A recent post by Stephen Turner about the woes of posting code on your lab website really resonated with me. As a scientist I have occasionally clicked on a link or copy&pasted a URL from a paper, only to find that the web address I’m looking for no longer exists. Sure it’s frustrating in the short term, but in the long term it’s troubling to think that so much of the collective scientific output has such a short digital shelf life.
This happened to me again just yesterday. I was looking over this paper on algorithms for composition-based segmentation of DNA sequences, and I was interested in running one of the algorithms. The code, implemented in Matlab (good grief), is available (you guessed it!) from their lab website: http://nsm.uh.edu/~dgraur/eran/simulation/main.htm. Following that link takes you to a page with a warning that the lab website has moved, and if you follow that link you end on the splash page for some department or institute that has no idea how to handle the redirect request. This paper is from 2010, and yet I can’t access supplements from their lab website! I did a bit of Google searching and found the first author’s current website, which even included links to the software mentioned in the paper, but unfortunately the links to the code point to the (now defunct) server published in the paper. I finally found the code buried in a Google Code project, and now I’m sitting here wondering whether it was really worth all the hassle in the first place, and whether I even want to check if our institution has a site license for Matlab…
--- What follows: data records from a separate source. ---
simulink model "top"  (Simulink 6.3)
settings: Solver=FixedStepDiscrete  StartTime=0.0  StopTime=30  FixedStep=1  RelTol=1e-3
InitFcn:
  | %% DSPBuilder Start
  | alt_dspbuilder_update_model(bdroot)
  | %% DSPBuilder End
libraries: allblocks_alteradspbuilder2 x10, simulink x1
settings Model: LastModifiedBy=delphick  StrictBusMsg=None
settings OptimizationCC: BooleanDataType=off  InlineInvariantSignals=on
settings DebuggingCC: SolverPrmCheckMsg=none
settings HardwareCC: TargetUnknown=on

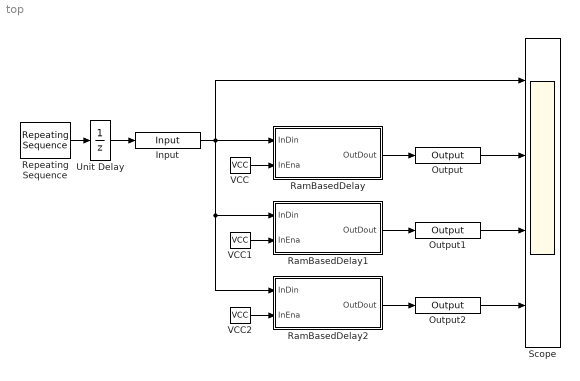
== system top ==
  Input : allblocks_alteradspbuilder2/Input  iofile=C:\workspace_clean\Documentation\DesignExamples\Tutorials\BuildingCustomLibrary\tb_top\top_Input.salt  BusType=Signed Integer  bwl=8  bwr=8  SpecifyClock=off  PORTTYPE=Input
  Output : allblocks_alteradspbuilder2/Output  iofile=C:\workspace_clean\Documentation\DesignExamples\Tutorials\BuildingCustomLibrary\tb_top\top_Output.capture  BusType=Signed Integer  bwl=8  bwr=8  PORTTYPE=Output
  Output1 : allblocks_alteradspbuilder2/Output  iofile=C:\workspace_clean\Documentation\DesignExamples\Tutorials\BuildingCustomLibrary\tb_top\top_Output1.capture  BusType=Signed Integer  bwl=8  bwr=8  PORTTYPE=Output
  Output2 : allblocks_alteradspbuilder2/Output  iofile=C:\workspace_clean\Documentation\DesignExamples\Tutorials\BuildingCustomLibrary\tb_top\top_Output2.capture  BusType=Signed Integer  bwl=8  bwr=8  PORTTYPE=Output
  RamBasedDelay : Subsystem  mask(SubSystem AlteraBlockSet){d=5}
      mask prompts: d "Delay"
      mask help:
      | RAM Based Delay Element
      |
      | Altera Corporation
      mask Display:
      | port_label('input',1,'din');
      | port_label('input',2,'ena');
      | port_label('output',1,'dout');
      | fprintf('Delay %d',d)
  RamBasedDelay1 : Subsystem  mask(SubSystem AlteraBlockSet){d=10}
      mask prompts: d "Delay"
      mask help:
      | RAM Based Delay Element
      |
      | Altera Corporation
      mask Display:
      | port_label('input',1,'din');
      | port_label('input',2,'ena');
      | port_label('output',1,'dout');
      | fprintf('Delay %d',d)
  RamBasedDelay2 : Subsystem  mask(SubSystem AlteraBlockSet){d=15}
      mask prompts: d "Delay"
      mask help:
      | RAM Based Delay Element
      |
      | Altera Corporation
      mask Display:
      | port_label('input',1,'din');
      | port_label('input',2,'ena');
      | port_label('output',1,'dout');
      | fprintf('Delay %d',d)
  Repeating Sequence : simulink/Sources/Repeating Sequence  rep_seq_t=[0 1 2 3 4 5 6 7 8]  rep_seq_y=[0 1 2 3 4 4 3 2 1]
  Scope : Scope  NumInputPorts=4
      settings: YMin=-5~-5~-5~-5  YMax=5~5~5~5
  Unit Delay : UnitDelay
  VCC : allblocks_alteradspbuilder2/VCC  SpecifyClock=off
  VCC1 : allblocks_alteradspbuilder2/VCC  SpecifyClock=off
  VCC2 : allblocks_alteradspbuilder2/VCC  SpecifyClock=off
  wires:
  Input/1 -> RamBasedDelay1/1(InDin), RamBasedDelay2/1(InDin), Scope/1, RamBasedDelay/1(InDin)
  VCC/1 -> RamBasedDelay/2(InEna)
  VCC1/1 -> RamBasedDelay1/2(InEna)
  VCC2/1 -> RamBasedDelay2/2(InEna)
  RamBasedDelay1/1(OutDout) -> Output1/1
  RamBasedDelay/1(OutDout) -> Output/1
  RamBasedDelay2/1(OutDout) -> Output2/1
  Output2/1 -> Scope/4
  Output1/1 -> Scope/3
  Output/1 -> Scope/2
  Repeating Sequence/1 -> Unit Delay/1
  Unit Delay/1 -> Input/1

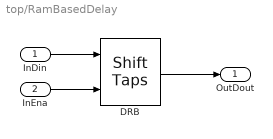
== system top/RamBasedDelay ==
  InDin : Inport
  InEna : Inport  Port=2
  DRB : allblocks_alteradspbuilder2/Shift Taps  number_of_taps=1  tap_distance=d  use_shiftout=off  use_ena=on  use_sclr=off  use_dedicated_circuitry=off  ram_type=AUTO
  OutDout : Outport
  wires:
  InDin/1 -> DRB/1
  InEna/1 -> DRB/2
  DRB/1 -> OutDout/1

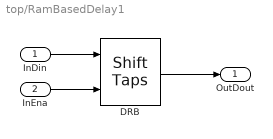
== system top/RamBasedDelay1 ==
  InDin : Inport
  InEna : Inport  Port=2
  DRB : allblocks_alteradspbuilder2/Shift Taps  number_of_taps=1  tap_distance=d  use_shiftout=off  use_ena=on  use_sclr=off  use_dedicated_circuitry=off  ram_type=AUTO
  OutDout : Outport
  wires:
  InDin/1 -> DRB/1
  InEna/1 -> DRB/2
  DRB/1 -> OutDout/1

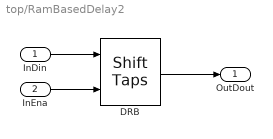
== system top/RamBasedDelay2 ==
  InDin : Inport
  InEna : Inport  Port=2
  DRB : allblocks_alteradspbuilder2/Shift Taps  number_of_taps=1  tap_distance=d  use_shiftout=off  use_ena=on  use_sclr=off  use_dedicated_circuitry=off  ram_type=AUTO
  OutDout : Outport
  wires:
  InDin/1 -> DRB/1
  InEna/1 -> DRB/2
  DRB/1 -> OutDout/1

With regards to my own research, I’ve been using hosting services like SourceForge, Github, and BitBucket to host my source code for years. However, I’ve continued using our lab server to host this blog, along with all the supplementary graphics and data that go along with it. I guess I initially enjoyed the amount of control I had. But after reading Stephen’s post, realizing how big of a problem this is in general, and of course thinking of all of the fricking SELinux crap I’ve had to put up with (our lab servers run Fedora and Red Hat), the idea of using a blog hosting service all of a sudden seemed much more reasonable.
So as of this post, the BioWi[sz]e blog is officially migrated to WordPress.com. Unfortunately, someone got the http://biowise.wordpress.com subdomain less than a year ago—they even spent the $25 bucks to reserve a
.me domain, and yet they’re doing nothing with it. Grrr…So anyway, the BioWise you know and love is now BioWize, for better and for worse.
As far as the supplementary graphics and data files, I have followed Stephen Turner’s example and posted everything on FigShare. While uploading data files and providing relevant metadata was very straightforward, there is a bit of a learning curve when it comes to organizing and grouping related files. And once data is publicly published on FigShare, deleting it is not an option, even if you’re just trying to clean things up and fix mistakes. So if I could have done one thing differently, I would have been more careful about how I uploaded and grouped the files. Otherwise, I have no complaints. I love the idea that the content of my blog will be accessible long after I’ve moved on from my current institution (without any additional work on my part), and that all of the supporting data sets are permanently accessible, each with its own DOI.